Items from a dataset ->
____________________

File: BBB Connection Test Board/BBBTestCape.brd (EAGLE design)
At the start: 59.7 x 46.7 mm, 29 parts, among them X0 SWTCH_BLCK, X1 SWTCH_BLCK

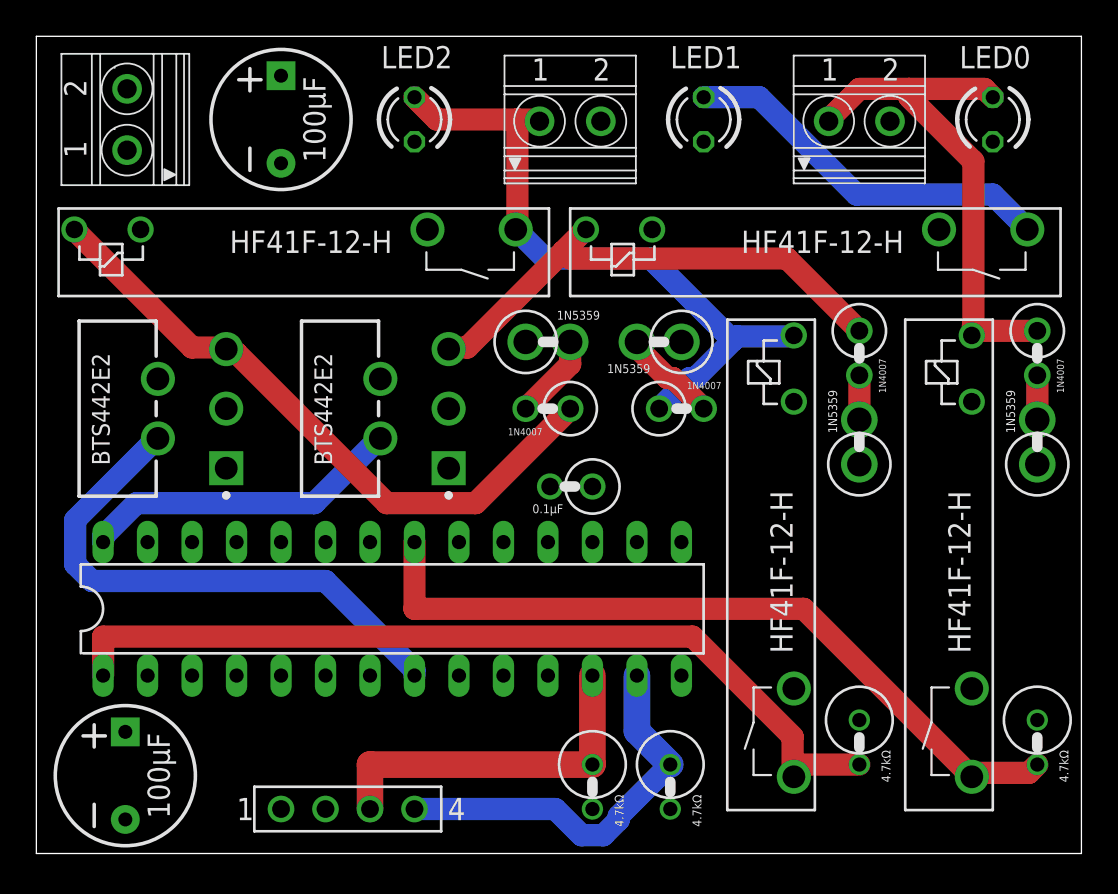
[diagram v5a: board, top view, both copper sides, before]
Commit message: Finalize BBB Connection Test Board Rev B. Sending this version to fab.
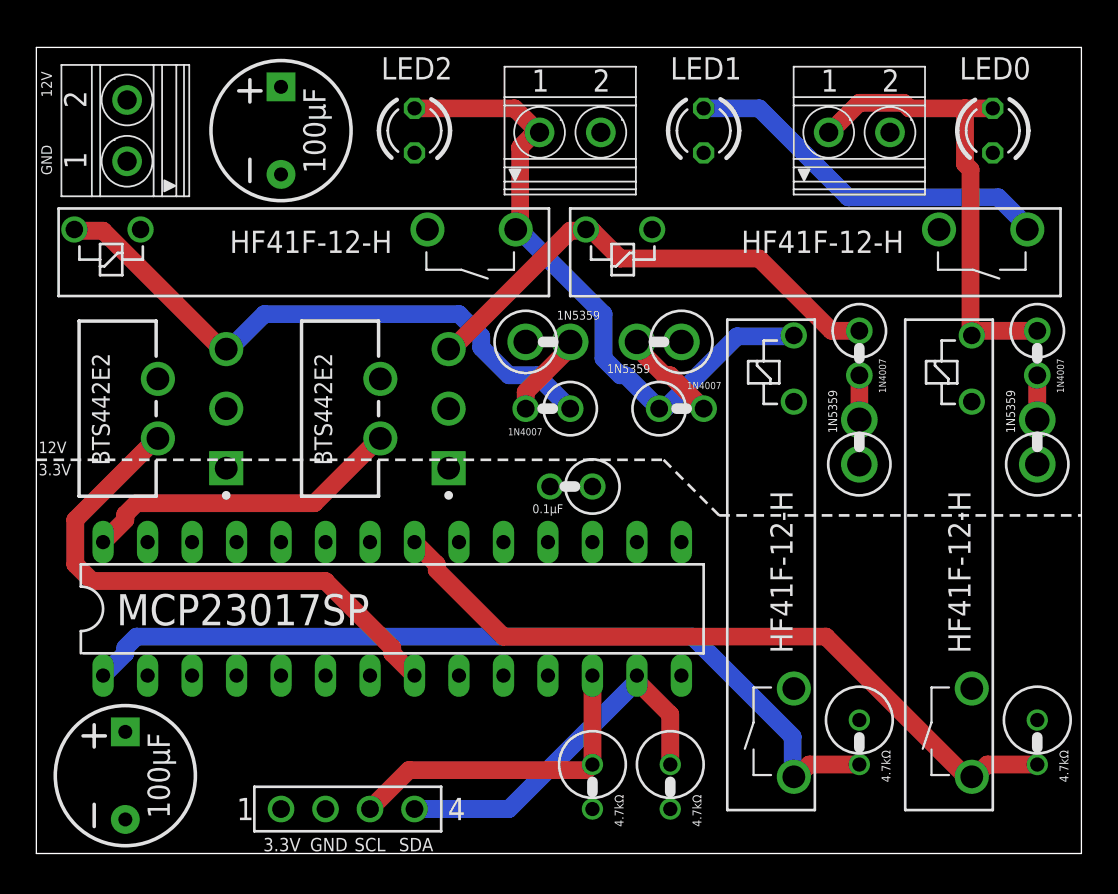
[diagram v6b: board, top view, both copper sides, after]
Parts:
- moved 12V_PWR_BLK:C1 0.63 mm to (14.0, 41.3)
- moved 12V_PWR_BLK:PWR 0.63 mm to (5.08, 41.3)
- moved LED0 0.63 mm to (54.6, 41.3)
- moved LED1 0.63 mm to (38.1, 41.3)
- moved LED2 0.63 mm to (21.6, 41.3)
- moved X0 0.63 mm to (47.0, 41.3)
- moved X1 0.63 mm to (30.5, 41.3)
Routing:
- net N$2: track 29.8 -> 27.1 mm
- net DUAL_12V⇆3V3_1BIT1:3V3_TO_12_1BIT1:N$1: track 37.0 -> 34.8 mm
- net N$7: track 43.6 -> 41.5 mm
- net BBB_IO1:SCL: track 20.3 -> 18.8 mm
- net N$5: track 50.4 -> 49.2 mm
- net N$3: track 38.5 -> 37.2 mm
- net BBB_IO1:SDA: track 22.9 -> 21.9 mm
- net 3V3_TO_12_1BIT1:N$1: track 29.4 -> 28.6 mm
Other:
- board size 59.7 x 46.7 mm -> 59.7 x 46 mm

____________________

Exercise prompt -> Give back the data exactly. Skip any images.

Response ->
File: BBB Connection Test Board/BBBTestCape.brd (EAGLE design)
At the start: 59.7 x 46.7 mm, 29 parts, among them X0 SWTCH_BLCK, X1 SWTCH_BLCK

[diagram v5a: board, top view, both copper sides, before]
Commit message: Finalize BBB Connection Test Board Rev B. Sending this version to fab.
[diagram v6b: board, top view, both copper sides, after]
Parts:
- moved 12V_PWR_BLK:C1 0.63 mm to (14.0, 41.3)
- moved 12V_PWR_BLK:PWR 0.63 mm to (5.08, 41.3)
- moved LED0 0.63 mm to (54.6, 41.3)
- moved LED1 0.63 mm to (38.1, 41.3)
- moved LED2 0.63 mm to (21.6, 41.3)
- moved X0 0.63 mm to (47.0, 41.3)
- moved X1 0.63 mm to (30.5, 41.3)
Routing:
- net N$2: track 29.8 -> 27.1 mm
- net DUAL_12V⇆3V3_1BIT1:3V3_TO_12_1BIT1:N$1: track 37.0 -> 34.8 mm
- net N$7: track 43.6 -> 41.5 mm
- net BBB_IO1:SCL: track 20.3 -> 18.8 mm
- net N$5: track 50.4 -> 49.2 mm
- net N$3: track 38.5 -> 37.2 mm
- net BBB_IO1:SDA: track 22.9 -> 21.9 mm
- net 3V3_TO_12_1BIT1:N$1: track 29.4 -> 28.6 mm
Other:
- board size 59.7 x 46.7 mm -> 59.7 x 46 mm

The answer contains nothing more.